Non que ces thèmes soient à rejeter a priori: la question du genre, l’histoire de l’esclavage ou les reliquats mentaux de la colonisation sont d’importants et légitimes objets d’études ; mais c’est une autre chose d’en faire le prisme de lecture exclusif de nos sociétés. Et c’en est encore une autre de décréter la victimisation universelle des minorités par la «domination» du mâle blanc occidental.

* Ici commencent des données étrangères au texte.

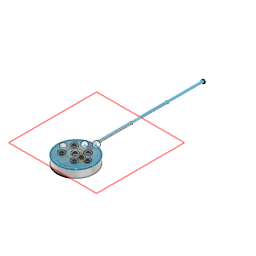
2024_10_14_BlueSubmarineRC v1 (Autodesk Fusion 360 design; units mm, degrees)
Autodesk Fusion 360 part; units mm, degrees
note: some values were not read from the file. Chosen so that the rebuilt part matches the saved one: which bodies a step acts on.
sketch "Sketch1" plane through (0, 0, 0) normal (0, 0, 1) x (1, 0, 0)
sketch "Sketch2" plane through (0, 0, 0) normal (0, 0, 1) x (1, 0, 0)
  circle A0 centre (0.1525, -28.081) radius 24.5522
  line L0 (-11.054, -19.2977) -> (-11.054, -35.9964) construction
  line L1 (-11.054, -35.9964) -> (7.025, -35.9964) construction
  line L2 (7.025, -35.9964) -> (7.025, -19.2977) construction
  line L3 (7.025, -19.2977) -> (-11.054, -19.2977) construction
  circle A1 centre (7.025, -27.6471) radius 8.3493 construction
  line L4 (7.025, -27.6471) -> (-1.3243, -27.6471) construction
  line L5 (7.025, -27.6471) -> (15.3744, -27.6471) construction
  circle A2 centre (15.3744, -27.6471) radius 3.984
  circle A3 centre (-1.3243, -27.6471) radius 3.984
  circle A4 centre (-11.054, -35.9964) radius 3.984
  line L6 (7.025, -19.2977) -> (7.025, -18.2977)
  line L7 (7.025, -35.9964) -> (7.025, -36.9964)
  circle A5 centre (7.025, -36.9964) radius 3.984
  circle A6 centre (7.025, -18.2977) radius 3.984
  circle A7 centre (-11.054, -19.2977) radius 3.984
  circle A8 centre (-6.0235, -10.0208) radius 0.99
  circle A9 centre (-18.4122, -26.606) radius 2.6415
  dimension "d5" = 1
  dimension "d6" = 1
  constraint vertical L0
  constraint perpendicular L0 L1
  constraint perpendicular L1 L2
  constraint perpendicular L0 L3
  constraint midpoint L2 A1.centre
  constraint coincident L2.end A1
  constraint coincident A1.centre L4.start
  constraint coincident A1 L4.end
  constraint perpendicular L2 L4
  constraint coincident A1 L5.end
  constraint perpendicular L2 L5
  constraint coincident L5.end A2.centre
  constraint coincident L4.end A3.centre
  constraint coincident L0.end L1.start
  constraint perpendicular L3 L6
  constraint perpendicular L1 L7
  constraint coincident L7.end A5.centre
  constraint coincident L6.end A6.centre
  constraint coincident L0.start L3.end
  constraint equal A4 A7
  constraint equal A4 A6
  constraint equal A3 A4
  constraint equal A4 A5
  constraint equal A2 A4
  measures "d5" distance of L2.end L6.end
  measures "d6" distance of L1.end L7.end
extrude "Extrude1" add sketch "Sketch2" against normal blind 10 contours A0 | A2 | A3 | A4 | A5 | A6 | A7 | A8 | A9 makes body 1
extrude "Extrude2" cut sketch "Sketch2" against normal blind 2 contours A2 | A3 | A4 | A5 | A6 | A7 bodies 1
extrude "Extrude3" add sketch "Sketch2" along normal blind -2 and the other way blind -1 separate body contours A2 | A3 | A4 | A5 | A6 | A7 makes body 2 at (-7.0898, -19.6944, 0) makes body 3 at (-7.0898, -36.3931, 0) makes body 4 at (10.9892, -37.3931, 0) makes body 5 at (2.6399, -28.0438, 0) makes body 6 at (10.9892, -18.6944, 0) makes body 7 at (19.3386, -28.0438, 0)
sketch "Sketch3" plane through (0, 0, 0) normal (0, 0, 1) x (1, 0, 0)
  line L0 (2.0379, -2.2178) -> (-1.385, -2.2178)
  line L1 (-1.385, -2.2178) -> (-1.385, 46.1297)
  line L2 (-1.385, 46.1297) -> (0.3265, 46.1297)
  line L3 (0.3265, 46.1297) -> (0.3265, -2.2178)
  line L4 (0.3265, 46.1297) -> (0.3265, 94.4772)
  line L5 (0.3265, 94.4772) -> (0.3265, 142.8247)
  line L6 (0.3265, 46.1297) -> (-0.9735, 46.1297)
  line L7 (-0.9735, 46.1297) -> (-0.9735, 94.4772)
  line L8 (-0.9735, 94.4772) -> (0.3265, 94.4772)
  line L9 (0.3265, 94.4772) -> (0.3265, 46.1297)
  line L10 (0.3265, 94.4772) -> (-0.6735, 94.4772)
  line L11 (-0.6735, 94.4772) -> (-0.6735, 142.8247)
  line L12 (-0.6735, 142.8247) -> (0.3265, 142.8247)
  line L13 (0.3265, 142.8247) -> (0.3265, 94.4772)
  line L14 (0.3265, 142.8247) -> (-1.6735, 142.8247)
  line L15 (-1.6735, 142.8247) -> (-1.6735, 143.8247)
  line L16 (-1.6735, 143.8247) -> (0.3265, 143.8247)
  line L17 (0.3265, 143.8247) -> (0.3265, 142.8247)
  dimension "d13" = 1.3
  dimension "d14" = 1
  dimension "d15" = 2
  dimension "d16" = 1
  constraint horizontal L0
  constraint perpendicular L0 L1
  constraint perpendicular L1 L2
  constraint midpoint L0 L3.end
  constraint perpendicular L0 L3
  constraint perpendicular L0 L4
  constraint perpendicular L0 L5
  constraint equal L3 L4
  constraint equal L3 L5
  constraint horizontal L6
  constraint vertical L7
  constraint horizontal L8
  constraint vertical L9
  constraint horizontal L10
  constraint vertical L11
  constraint horizontal L12
  constraint vertical L13
  constraint horizontal L14
  constraint vertical L15
  constraint horizontal L16
  constraint vertical L17
  measures "d13" distance of L2.end L6.end
  measures "d14" distance of L4.end L10.end
  measures "d15" distance of L5.end L14.end
  measures "d16" distance of L5.end L16.end
revolve "Revolve2" add sketch "Sketch3" angle 360 about axis through (0.3265, 46.1297, 0) along (0, 1, 0) separate body contours L0 L1 L2 L3 L6 | L5 L8 L10 L11 L12 L13 L14 makes body 8 at (-1.3828, 13.8981, -0.0853) makes body 9 at (-0.6723, 110.5931, -0.0498)
revolve "Revolve3" add sketch "Sketch3" angle 360 about axis through (0.3265, 46.1297, 0) along (0, 1, 0) separate body contours L2 L4 L6 L7 L8 L9 L10 makes body 10
revolve "Revolve4" add sketch "Sketch3" angle 360 about axis through (0.3265, 142.8247, 0) along (0, -1, 0) contours L12 L14 L15 L16 L17 bodies 9
extrude "Extrude4" cut sketch "Sketch2" against normal blind 1 contours A8 | A9 bodies 1

De fait, les manquements fréquents à la démarche scientifique ont de quoi donner le tournis: raisonnement circulaire (la conclusion est déjà dans la prémisse, comme dans l’imparable «le racisme étant une invention blanche, il ne peut pas y avoir de racisme antiblanc») ; déni des faits (quid des «discriminations» au sein des minorités et entre elles?) ; contradiction flagrante (race et genre ne sont, dit-on, que «constructions sociales» mais, si l’on peut changer de genre, impossible en revanche de changer de race) ; double discours (affichage purement «scientifique» dans le discours public, revendication «militante» dans les textes programmatiques) ; méthode de recherche fondée sur l’entretien et «le ressenti» ; et quand les données statistiques sont utilisées, concomitance, corrélation et causalité sont allègrement confondues.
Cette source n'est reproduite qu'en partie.